**WHAT THE EXERCISE ASKS**
Please keep the pictures out and write out exactly the lines from the first in the data below through the one containing "doc.units = 0", both included.
:: LISTED RECORDS
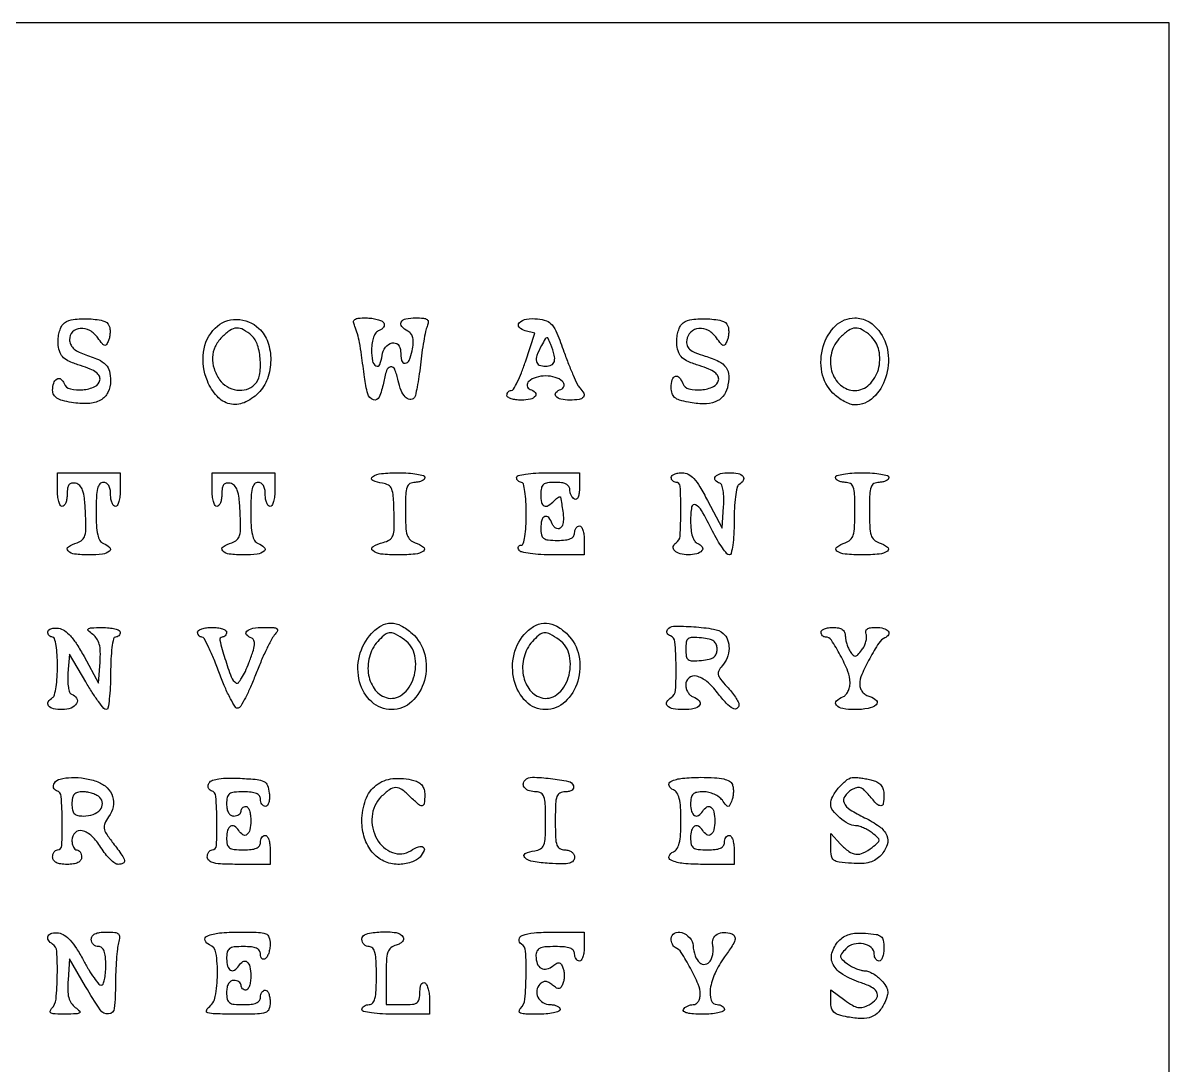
# Model space of a CAD drawing. Extents: x 0 to 450, y 0 to 450.
# Drawn here: x 212.9 to 450, y 234.5 to 450 of the extents above; entities that cross this region are included whole.
import ezdxf

# ---------------------------------------------------------------- set-up
doc = ezdxf.new("R2010")
doc.units = 0

msp = doc.modelspace()

# ---------------------------------------------------------------- linework, layer by layer
msp.add_lwpolyline([(0, 225), (0, 0), (225, 0), (450, 0), (450, 225), (450, 450), (225, 450), (0, 450)], close=True)
for points in [[(287.504365, 387.992937, -0.148943), (287.617935, 387.562314, -0.123594), (287.484691, 387.105471, -0.099723), (287.114498, 386.690575, -0.069381), (286.563382, 386.385948, 0.132014), (285.904259, 385.906463, 0.076694), (285.409394, 385.054612, 0.059316), (285.100658, 383.868764, 0.034064), (285, 382.393011, 0.041543), (285.193584, 380.067096, 0.233676), (285.902461, 379.084961, 0.444437), (286.676184, 379.367339, 0.060751), (287.180449, 381.239784, -0.125616), (287.883566, 382.94237, -0.176725), (289.246034, 383.833845, -0.265388), (290.462927, 383.471697, -0.193027), (291, 382.132341, 0.055998), (291.217507, 380.196325, 0.360154), (291.942255, 379.638872, 0.293718), (292.788893, 380.226952, 0.048773), (293.39358, 382.217898, 0.028505), (293.611128, 383.757181, 0.074588), (293.538234, 384.868579, 0.105951), (293.174885, 385.670326, 0.10639), (292.515333, 386.251357, -0.076613), (291.236462, 387.250328, -0.331286), (291.132577, 388.150275, -0.218672), (292.067281, 388.811018, -0.046227), (294.106989, 389, -0.018989), (295.755228, 388.93738, -0.140056), (296.486029, 388.667092, -0.264858), (296.717843, 388.148583, -0.073314), (296.49435, 387.25, 0.045953), (296.174742, 386.210525, 0.007956), (295.784708, 384.188424, 0.008593), (295.404373, 381.792788, 0.007597), (295.089088, 379.28506, -0.00835), (294.780221, 376.857946, -0.011801), (294.418269, 374.709169, -0.008051), (294.04791, 372.941945, -0.141614), (293.768257, 372.434924, -0.240261), (292.893677, 372.151089, -0.169664), (291.967426, 372.649786, -0.090123), (291.114872, 374.006579, -0.041285), (290.497481, 376.011468, 0.037317), (289.788914, 378.378973, 0.356784), (288.9374, 378.866495, 0.282112), (288.093774, 378.133471, 0.030023), (287.434022, 375.5, -0.052434), (286.574009, 372.620331, -0.38927), (285.385534, 372.070428, -0.2525), (284.220685, 373.278818, -0.036539), (283.519399, 376.75, 0.002633), (282.913843, 381.326009, 0.012797), (282.490613, 383.908726, 0.022243), (282.068621, 385.690948, 0.030243), (281.521607, 387.25, -0.070773), (281.285507, 388.149822, -0.265554), (281.50642, 388.666796, -0.143522), (282.219091, 388.937277, -0.019413), (283.833994, 389, -0.030528), (285.046419, 388.925905, -0.036444), (286.169454, 388.704175, -0.039488), (287.062705, 388.381429, -0.148979)], [(389.92742, 386.365141, -0.134892), (391.825632, 381.85474, -0.110576), (391.35364, 376.628632, -0.124098), (388.801421, 372.532901, -0.194031), (385, 371, -0.0875), (384.024739, 371.171988, -0.036522), (382.802273, 371.721023, -0.03471), (381.548102, 372.515253, -0.037888), (380.454545, 373.454545, -0.150815), (378.170454, 377.77808, -0.118327), (378.431017, 383.101405, -0.129681), (381.01117, 387.382515, -0.195039), (385, 389, -0.060946), (386.373766, 388.831925, -0.06197), (387.65823, 388.337767, -0.058409), (388.844481, 387.512671, -0.044996)], [(230.715862, 387.298068, -0.068063), (230.860838, 386.680258, -0.035747), (230.879105, 385.889952, -0.03477), (230.781184, 385.063004, -0.044788), (230.572103, 384.327301, -0.043514), (230.159256, 383.47997, -0.330831), (229.773238, 383.320641, -0.166668), (229.293758, 383.633306, -0.012911), (228.368557, 384.884199, 0.113661), (226.707826, 386.380717, 0.1441), (224.701973, 386.831065, 0.188878), (223.136455, 386.096474, 0.191985), (222.5, 384.5, 0.103048), (222.694783, 383.564928, 0.093939), (223.25, 382.75, 0.075272), (224.184277, 382.061426, 0.040804), (225.5, 381.5, -0.021276), (228.467268, 380.368537, -0.095468), (229.997275, 379.32808, -0.135466), (230.752345, 377.990604, -0.06124), (231, 375.976167, -0.115331), (230.444368, 373.59935, -0.152807), (228.918589, 372.002248, -0.116435), (226.390254, 371.29396, -0.052218), (222.925136, 371.512648, -0.023562), (221.034896, 371.924407, -0.077269), (219.869006, 372.439242, -0.12578), (219.231438, 373.122955, -0.125717), (219, 374.028881, -0.075495), (219.227954, 375.530006, -0.18681), (219.908288, 376.387383, -0.307372), (220.719033, 376.334002, -0.136393), (221.38834, 375.430385, 0.248121), (222.667687, 374.312898, 0.081915), (225.238406, 374.137597, 0.081685), (227.734864, 374.797397, 0.24535), (228.79373, 376.138855, 0.171554), (228.666412, 376.965653, 0.108857), (228.024977, 377.712747, 0.063667), (226.782634, 378.419654, 0.020933), (224.80192, 379.138855, -0.021818), (222.516813, 379.973156, -0.08528), (221.25105, 380.77352, -0.118486), (220.546408, 381.801435, -0.062806), (220.177742, 383.310472, -0.043081), (220.144514, 384.494517, -0.037231), (220.308828, 385.72755, -0.03897), (220.630898, 386.827647, -0.082692), (221.076522, 387.592203, -0.181316), (222.857808, 388.610534, -0.047813), (226.189172, 388.827544, -0.047373), (229.414178, 388.421715, -0.251227)], [(261.685549, 386.825686, -0.121745), (263.516321, 383.996342, -0.085832), (264.125341, 380.240836, -0.084262), (263.437874, 376.432722, -0.110109), (261.545455, 373.454545, -0.096556), (258.602794, 371.471958, -0.159998), (255.647263, 371.225899, -0.152218), (253.017068, 372.789536, -0.085109), (251.013348, 375.967774, -0.130339), (250.214234, 381.918853, -0.164212), (252.624091, 386.891706, -0.206002), (257.065411, 388.705419, -0.185994)], [(254, 385, 0.086637), (252.635692, 383.058561, 0.097622), (252.083044, 380.848988, 0.093372), (252.40164, 378.51637, 0.072393), (253.556704, 376.222506, 0.10565), (255.087713, 374.798324, 0.099958), (257.097451, 374.088552, 0.104704), (259.147437, 374.229008, 0.127774), (260.8, 375.2, 0.155302), (261.806924, 377.147151, 0.057816), (261.973945, 380.259773, 0.057564), (261.417399, 383.373044, 0.136675), (260.171259, 385.345012, 0.052877), (258.502067, 386.56181, 0.14605), (257.10158, 386.895938, 0.138037), (255.696439, 386.414346, 0.045248)], [(324.804087, 382, 0.00765), (325.756787, 379.441282, 0.009955), (326.71116, 377.130313, 0.007866), (327.57382, 375.23575, 0.085031), (328.05583, 374.55, -0.072695), (328.882867, 373.432653, -0.301292), (328.808535, 372.637684, -0.190487), (327.920272, 372.134017, -0.034853), (326, 372, -0.052229), (324.151546, 372.193614, -0.170581), (323.116206, 372.823605, -0.38015), (323.146529, 373.575512, -0.121133), (324.177051, 374.225684, 0.272749), (324.811956, 374.954709, 0.265198), (324.490683, 375.879058, 0.107941), (322.971729, 376.714361, 0.072058), (321, 377, 0.072058), (319.028271, 376.714361, 0.107941), (317.509317, 375.879058, 0.265198), (317.188044, 374.954709, 0.272749), (317.822949, 374.225684, -0.121133), (318.853471, 373.575512, -0.38015), (318.883794, 372.823605, -0.170581), (317.848454, 372.193614, -0.052229), (316, 372, -0.031626), (314.850749, 372.072766, -0.048861), (313.88125, 372.29375, -0.06271), (313.209557, 372.615738, -0.254951), (313, 373, -0.08963), (313.068994, 373.38179, -0.095227), (313.266782, 373.70625, -0.099812), (313.561714, 373.923331, -0.109317), (313.908196, 374, 0.269724), (314.354354, 374.259563, 0.015057), (315.135746, 375.735648, 0.019856), (315.981314, 377.644219, 0.012916), (316.811753, 379.908589), (318.807115, 385.817178), (316.802942, 386.341281, -0.141443), (315.543598, 387.090702, -0.409062), (315.56528, 388.008675, -0.156137), (317.046577, 388.744099, -0.062046), (319.342106, 388.806359, -0.063695), (321.188675, 388.385599, -0.136664), (322.365315, 387.540425, -0.074024), (323.348391, 385.856698, -0.009891)], [(358.715862, 387.298068, -0.068063), (358.860838, 386.680258, -0.035747), (358.879105, 385.889952, -0.03477), (358.781184, 385.063004, -0.044788), (358.572103, 384.327301, -0.043514), (358.159256, 383.47997, -0.330831), (357.773238, 383.320641, -0.166668), (357.293758, 383.633306, -0.012911), (356.368557, 384.884199, 0.114646), (354.712586, 386.370599, 0.145504), (352.713979, 386.805396, 0.173658), (351.047447, 386.063857, 0.168128), (350.203036, 384.422359, 0.103012), (350.272295, 383.330168, 0.147698), (350.785758, 382.514641, 0.086433), (351.907854, 381.837166, 0.019914), (354.005902, 381.116378, -0.040045), (356.814487, 380.023332, -0.127566), (358.335478, 378.729285, -0.151241), (358.892329, 377.002053, -0.064482), (358.605523, 374.564414, -0.114261), (357.67626, 372.750513, -0.12892), (356.078784, 371.625913, -0.094949), (353.723262, 371.227293, -0.040961), (350.543713, 371.557777, -0.026313), (348.701749, 372.004749, -0.105529), (347.690459, 372.558469, -0.146784), (347.172847, 373.369439, -0.069259), (347, 374.611291, -0.062652), (347.202405, 376.220269, -0.252068), (347.851007, 376.924746, -0.315488), (348.659803, 376.693583, -0.07886), (349.386136, 375.436129, 0.247673), (350.667003, 374.315408, 0.082139), (353.23773, 374.136899, 0.08194), (355.733871, 374.795841, 0.245293), (356.79373, 376.138855, 0.171554), (356.666412, 376.965653, 0.108857), (356.024977, 377.712747, 0.063667), (354.782634, 378.419654, 0.020933), (352.80192, 379.138855, -0.021818), (350.516813, 379.973156, -0.08528), (349.25105, 380.77352, -0.118486), (348.546408, 381.801435, -0.062806), (348.177742, 383.310472, -0.043081), (348.144514, 384.494517, -0.037231), (348.308828, 385.72755, -0.03897), (348.630898, 386.827647, -0.082692), (349.076522, 387.592203, -0.181316), (350.857808, 388.610534, -0.047813), (354.189172, 388.827544, -0.047373), (357.414178, 388.421715, -0.251227)], [(382, 385, 0.133722), (380.158169, 381.779672, 0.130716), (380.181708, 378.039951, 0.14774), (382.009605, 375.121886, 0.181408), (385, 374, 0.194616), (387.967156, 375.200374, 0.133121), (389.850096, 378.361214, 0.122537), (389.961929, 382.254831, 0.156276), (388.171259, 385.345012, 0.052877), (386.502067, 386.56181, 0.14605), (385.10158, 386.895938, 0.138037), (383.696439, 386.414346, 0.045248)], [(320.157043, 383.293437, 0.029756), (319.213604, 381.246597, 0.142522), (319.100206, 379.979662, 0.251827), (319.692181, 379.2584, 0.097845), (321, 379, 0.109185), (322.213992, 379.268298, 0.228265), (322.813219, 379.998879, 0.125708), (322.797438, 381.313469, 0.027594), (322.086758, 383.477696, 0.012363), (321.561992, 384.728697, 0.321454), (321.262772, 384.902749, 0.242607), (320.93465, 384.691871, 0.008042)], [(233, 353.5, -0.027026), (232.927458, 352.158889, -0.042582), (232.70625, 351.028125, -0.052312), (232.385692, 350.232098, -0.277684), (232, 350, -0.226478), (231.617064, 350.182831, -0.074992), (231.29375, 350.734375, -0.057076), (231.073116, 351.542644, -0.038131), (231, 352.5, 0.04716), (230.90137, 353.543379, 0.088208), (230.6, 354.333333, 0.118484), (230.11998, 354.822179, 0.140575), (229.5, 355, 0.222672), (228.776528, 354.660998, 0.113142), (228.312175, 353.744769, 0.050451), (228.064329, 352.022651, 0.010531), (228, 348.968615, 0.012813), (228.074778, 346.051007, 0.043026), (228.336033, 344.159447, 0.072643), (228.795046, 342.969944, 0.174509), (229.5, 342.361626, -0.09909), (230.804282, 341.536726, -0.456572), (230.767234, 340.753918, -0.139564), (229.316101, 340.158176, -0.028062), (226.5, 340, -0.028434), (223.541676, 340.168369, -0.172757), (222.185744, 340.833157, -0.471068), (222.27622, 341.670351, -0.068944), (224.047444, 342.515058, 0.101523), (225.118883, 343.113932, 0.1481), (225.693816, 344.021466, 0.070511), (225.899788, 345.59885, 0.010395), (225.797444, 348.822727, 0.012882), (225.570474, 351.71601, 0.056376), (225.202205, 353.388905, 0.109841), (224.619686, 354.343039, 0.155181), (223.75, 354.813606, 0.088428), (222.926766, 354.823208, 0.187895), (222.387658, 354.502833, 0.131056), (222.086921, 353.796479, 0.035487), (222, 352.573324, -0.037014), (221.926946, 351.587825, -0.055721), (221.70625, 350.755914, -0.073092), (221.383118, 350.187033, -0.231061), (221, 350, -0.277684), (220.614308, 350.232098, -0.052312), (220.29375, 351.028125, -0.042582), (220.072542, 352.158889, -0.027026), (220, 353.5), (220, 357), (226.5, 357), (233, 357)], [(265, 353.5, -0.027026), (264.927458, 352.158889, -0.042582), (264.70625, 351.028125, -0.052312), (264.385692, 350.232098, -0.277684), (264, 350, -0.226478), (263.617064, 350.182831, -0.074992), (263.29375, 350.734375, -0.057076), (263.073116, 351.542644, -0.038131), (263, 352.5, 0.04716), (262.90137, 353.543379, 0.088208), (262.6, 354.333333, 0.118484), (262.11998, 354.822179, 0.140575), (261.5, 355, 0.222672), (260.776528, 354.660998, 0.113142), (260.312175, 353.744769, 0.050451), (260.064329, 352.022651, 0.010531), (260, 348.968615, 0.012813), (260.074778, 346.051007, 0.043026), (260.336033, 344.159447, 0.072643), (260.795046, 342.969944, 0.174509), (261.5, 342.361626, -0.09909), (262.804282, 341.536726, -0.456572), (262.767234, 340.753918, -0.139564), (261.316101, 340.158176, -0.028062), (258.5, 340, -0.028434), (255.541676, 340.168369, -0.172757), (254.185744, 340.833157, -0.471068), (254.27622, 341.670351, -0.068944), (256.047444, 342.515058, 0.101523), (257.118883, 343.113932, 0.1481), (257.693816, 344.021466, 0.070511), (257.899788, 345.59885, 0.010395), (257.797444, 348.822727, 0.012882), (257.570474, 351.71601, 0.056376), (257.202205, 353.388905, 0.109841), (256.619686, 354.343039, 0.155181), (255.75, 354.813606, 0.088428), (254.926766, 354.823208, 0.187895), (254.387658, 354.502833, 0.131056), (254.086921, 353.796479, 0.035487), (254, 352.573324, -0.037014), (253.926946, 351.587825, -0.055721), (253.70625, 350.755914, -0.073092), (253.383118, 350.187033, -0.231061), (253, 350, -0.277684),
::::
**OUTPUT BELOW**
# Model space of a CAD drawing. Extents: x 0 to 450, y 0 to 450.
# Drawn here: x 212.9 to 450, y 234.5 to 450 of the extents above; entities that cross this region are included whole.
import ezdxf

# ---------------------------------------------------------------- set-up
doc = ezdxf.new("R2010")
doc.units = 0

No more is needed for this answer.